Significance and context
Over the past decade, molecular techniques have revealed a diversity of microorganisms not amenable to study by conventional culture-based techniques. At the same time, molecular biology has revealed more and more about already well-known organisms, culminating in the current public availability of the complete nucleotide sequences for around 30 prokaryotes. Since the existence of many uncultured (and perhaps unculturable) bacteria in diverse habitats was revealed by ribosomal RNA sequences, however, relatively little has been learned about these mysterious organisms - our knowledge of their ecology and metabolism remains extremely patchy. At least one previous report has suggested using libraries of environmental DNA clones - DNA isolated directly from soil - to investigate the biology of these organisms outside culture, but Rondon et al. demonstrate significant expression of genes from environmental DNA cloned into bacterial artificial chromosome (BAC) libraries. This is the first technique that promises easy access to at least some of the functional diversity of environmental microbes by direct screening for particular metabolic activities, and allows microbiologists access to the full arsenal of molecular biological techniques for investigating this diversity.

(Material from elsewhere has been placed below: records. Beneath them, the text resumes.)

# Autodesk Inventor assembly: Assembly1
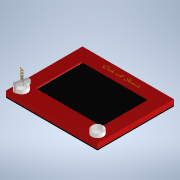
[picture p0: Inventor's stored thumbnail of the model, 180x180]
Saved by Autodesk Inventor 2022 (Build 260153000, 153)
## iProperties
Created: 2023-07-04
Part Number: Assembly1
Document SubType Name: Assembly
Designer: THK
Author: THK
## Documents named in this file (8)
- C:\Users\THK\Documents\Inventor\etchasketch\etchasketch.iam
- C:\Users\THK\Documents\Inventor\etchasketch\Knobass.iam
- C:\Users\THK\Documents\Inventor\etchasketch\skærm.ipt
- C:\Users\THK\Documents\Inventor\etchasketch\front.ipt
- C:\Users\THK\Documents\Inventor\etchasketch\lag2.ipt
- C:\Users\THK\Documents\Inventor\etchasketch\lag3.ipt
- C:\Users\THK\Documents\Inventor\etchasketch\back.ipt
- C:\Users\THK\Documents\Inventor\etchasketch\pendul2.ipt
## Components (8 placed, 7 different names)
1. skærm:1 — Mate:1, Mate:2, Flush:1
2. front:1 — Mate:1, Mate:2, Flush:1, Mate:3, Mate:4, Mate:5, Mate:6, Flush:2, Flush:3, Mate:7
3. Knobass:1 [sub-assembly] — Mate:3, Mate:4
4. Knobass:2 [sub-assembly] — Mate:5, Mate:6, Flush:7, Flush:8
5. lag2:1 — Flush:2, Flush:3, Mate:7, Flush:4, Flush:5, Mate:8
6. lag3:1 — Flush:4, Flush:5, Mate:8, Flush:6
7. back:1 — Flush:6
8. pendul2:1 — Flush:7, Flush:8
## Relationships (16: Mate 8, Flush 8)
- Mate:1: skærm:1 ↔ front:1
- Mate:2: skærm:1 ↔ front:1
- Flush:1: skærm:1 ↔ front:1
- Mate:3 (4.7375 mm): front:1 ↔ Knobass:1
- Mate:4: front:1 ↔ Knobass:1
- Mate:5 (4.7375 mm): front:1 ↔ Knobass:2
- Mate:6: front:1 ↔ Knobass:2
- Flush:2: front:1 ↔ lag2:1
- Flush:3: front:1 ↔ lag2:1
- Mate:7: front:1 ↔ lag2:1
- Flush:4: lag2:1 ↔ lag3:1
- Flush:5: lag2:1 ↔ lag3:1
- Mate:8: lag2:1 ↔ lag3:1
- Flush:6: lag3:1 ↔ back:1
- Flush:7: Knobass:2 ↔ pendul2:1
- Flush:8: Knobass:2 ↔ pendul2:1
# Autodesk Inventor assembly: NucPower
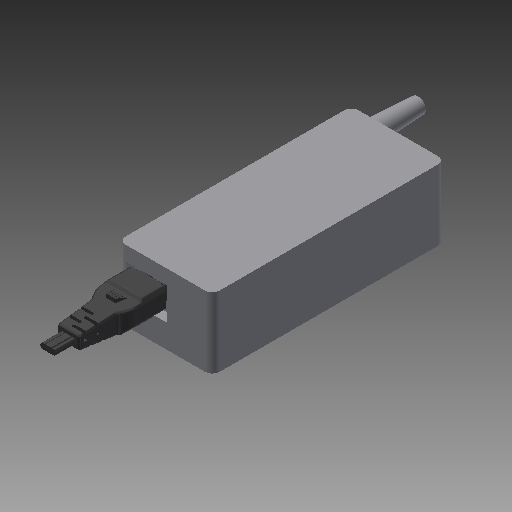
[picture p0: Inventor's stored thumbnail of the model, 512x512]
Saved by Autodesk Inventor 2019 (Build 230136000, 136)
## iProperties
Created: 2019-05-22
Part Number: NucPower
Document SubType Name: Assembly
Designer: Jorian Bruslind
Author: Jorian Bruslind
## Documents named in this file (3)
- E:\Downloads\Robot_Controller_Models\NUC5CPYH-NUC5PPYH-CHASSIS-STEP\NucPower.iam
- E:\Downloads\Robot_Controller_Models\NUC5CPYH-NUC5PPYH-CHASSIS-STEP\NucPowerBrick.ipt
- E:\Downloads\Robot_Controller_Models\connector-3-prong-iec-320-c-5-1.snapshot.2\IEC 320 C-5.ipt
## Components (2 placed, 2 different names)
1. NucPowerBrick:1 — Mate:1, Mate:2, Mate:3
2. IEC 320 C-5:1 — Mate:1, Mate:2, Mate:3
## Relationships (3: Mate 3)
- Mate:1: NucPowerBrick:1 ↔ IEC 320 C-5:1
- Mate:2 (1 mm): NucPowerBrick:1 ↔ IEC 320 C-5:1
- Mate:3 (1 mm): NucPowerBrick:1 ↔ IEC 320 C-5:1
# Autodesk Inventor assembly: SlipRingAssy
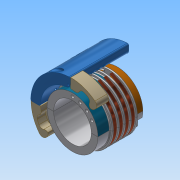
[picture p0: Inventor's stored thumbnail of the model, 180x180]
Saved by Autodesk Inventor 2017.3 (Build 213256000, 256)
## iProperties
Created: 2019-06-19
Part Number: SlipRingAssy
Document SubType Name: Assembly
Designer: Derek Wider
Author: Derek Wider
## Documents named in this file (7)
- G:\Projects\Submarine\Submarine-project\CAD\SlipRing\SlipRingAssy.iam
- G:\Projects\Submarine\Submarine-project\CAD\SlipRing\Core.ipt
- G:\Projects\Submarine\Submarine-project\CAD\SlipRing\CoreOpposite.ipt
- G:\Projects\Submarine\Submarine-project\CAD\SlipRing\BushingMount.ipt
- G:\Projects\Submarine\Submarine-project\CAD\SlipRing\ExtensionSpringSmall.ipt
- G:\Projects\Submarine\Submarine-project\CAD\SlipRing\BearingMount2.ipt
- G:\Projects\Submarine\Submarine-project\CAD\SlipRing\CopperContact.ipt
## Components (9 placed, 6 different names)
1. Core:1 — Mate:1, Mate:2, Flush:1, Mate:3, Angle:1, Flush:2, Mate:15, Mate:16
2. CoreOpposite:1 — Mate:1, Mate:2, Flush:1, Mate:7
3. BushingMount:1 — Mate:3, Angle:1, Mate:6, Flush:2, Mate:17
4. ExtensionSpringSmall:1 — Mate:6
5. BearingMount2:1 — Mate:7, Mate:17
6. CopperContact:1 — Mate:15, Mate:16
7. CopperContact:2
8. CopperContact:3
9. CopperContact:4
## Component patterns: (4 elements, first: CopperContact:1)
## Relationships (11: Mate 8, Flush 2, Angle 1)
- Mate:1: Core:1 ↔ CoreOpposite:1
- Mate:2: Core:1 ↔ CoreOpposite:1
- Flush:1: Core:1 ↔ CoreOpposite:1
- Mate:3: Core:1 ↔ BushingMount:1
- Angle:1 (0 deg): Core:1 ↔ BushingMount:1
- Mate:6: BushingMount:1 ↔ ExtensionSpringSmall:1
- Flush:2 (-1.778 mm): Core:1 ↔ BushingMount:1
- Mate:7: CoreOpposite:1 ↔ BearingMount2:1
- Mate:15: Core:1 ↔ CopperContact:1
- Mate:16 (0.8255 mm): Core:1 ↔ CopperContact:1
- Mate:17: BushingMount:1 ↔ BearingMount2:1

The authors constructed two BAC libraries from environmental DNA samples, termed metagenomic libraries. The first library contained a total of approximately 100 Mb of environmental DNA with a mean fragment size of 27 kb, while the second, constructed using a refined technique, contained 24,576 cloned fragments of mean size 44.5 kb - making a total of around 1000 Mb of environmental DNA. Antibacterial, lipase, amylase, nuclease, and hemolytic activity could all be detected from the smaller of these libraries, and DNase and antibacterial genes from two clones were successfully sequenced. Seven of the clones from the smaller library had detectable 16S rRNA genes, which could be used to place the clones in a wide diversity of bacterial phyla - low G+C Gram-positives, cytophagales, proteobacteria and acidobacteria.
Environmental DNA was extracted using fairly standard methods, although pulsed-field gel electrophoresis was used to isolate only high-molecular weight DNA for use in the second library. The major advance in this paper is the use of BAC vectors, which allows significant expression of heterologous environmental DNA in Escherichia coli, making it possible to screen the library for novel functional genes using standard, quick biochemical assays. The authors also use an interesting PCR protocol involving competitive oligonucleotides to amplify 16S rRNA genes in the presence of E. coli DNA, which they intend to describe in detail elsewhere.
A strategy of BAC cloning of large environmental DNA fragments allows both traditional and functional genomic studies of uncultured microorganisms to be carried out.
As with any new technique, there are many unanswered questions about this work. Most important, perhaps, is to investigate how efficiently genes from different bacteria are expressed in BACs. Clearly the efficiency of expression will depend on the size of inserts, on how completely environmental genomic DNA is sampled in the library and on how similar the protein translation, modification and export machinery is between E. coli and the source of the cloned DNA. These are all open questions, but we can be cautiously optimistic given that previous results from these authors suggest that a wide range of Bacillus cereus genes are successfully expressed from a BAC library. Also important is the phylogenetic range of DNA captured in the libraries. This is only reported from 16S rRNA genes from the smaller library, which are likely to reveal only a small fraction of the total diversity covered. It would be interesting to see what diversity of rRNA and other genes are present in the larger library reported here.
In principle, at least, we may one day see the complete genome sequence for organisms that have never been kept in pure culture, and perhaps understand both why microbiologists have failed to culture them, and what part they play in microbial ecosystems. The sort of 'metagenomic library' described here should have an important role in understanding the microbiology of many environments and in learning about the biology of currently uncultured bacteria. By allowing traditional and functional genomics of uncultured microorganisms, the method used in this paper should also be of use to biochemical prospectors searching for useful industrial and medical proteins.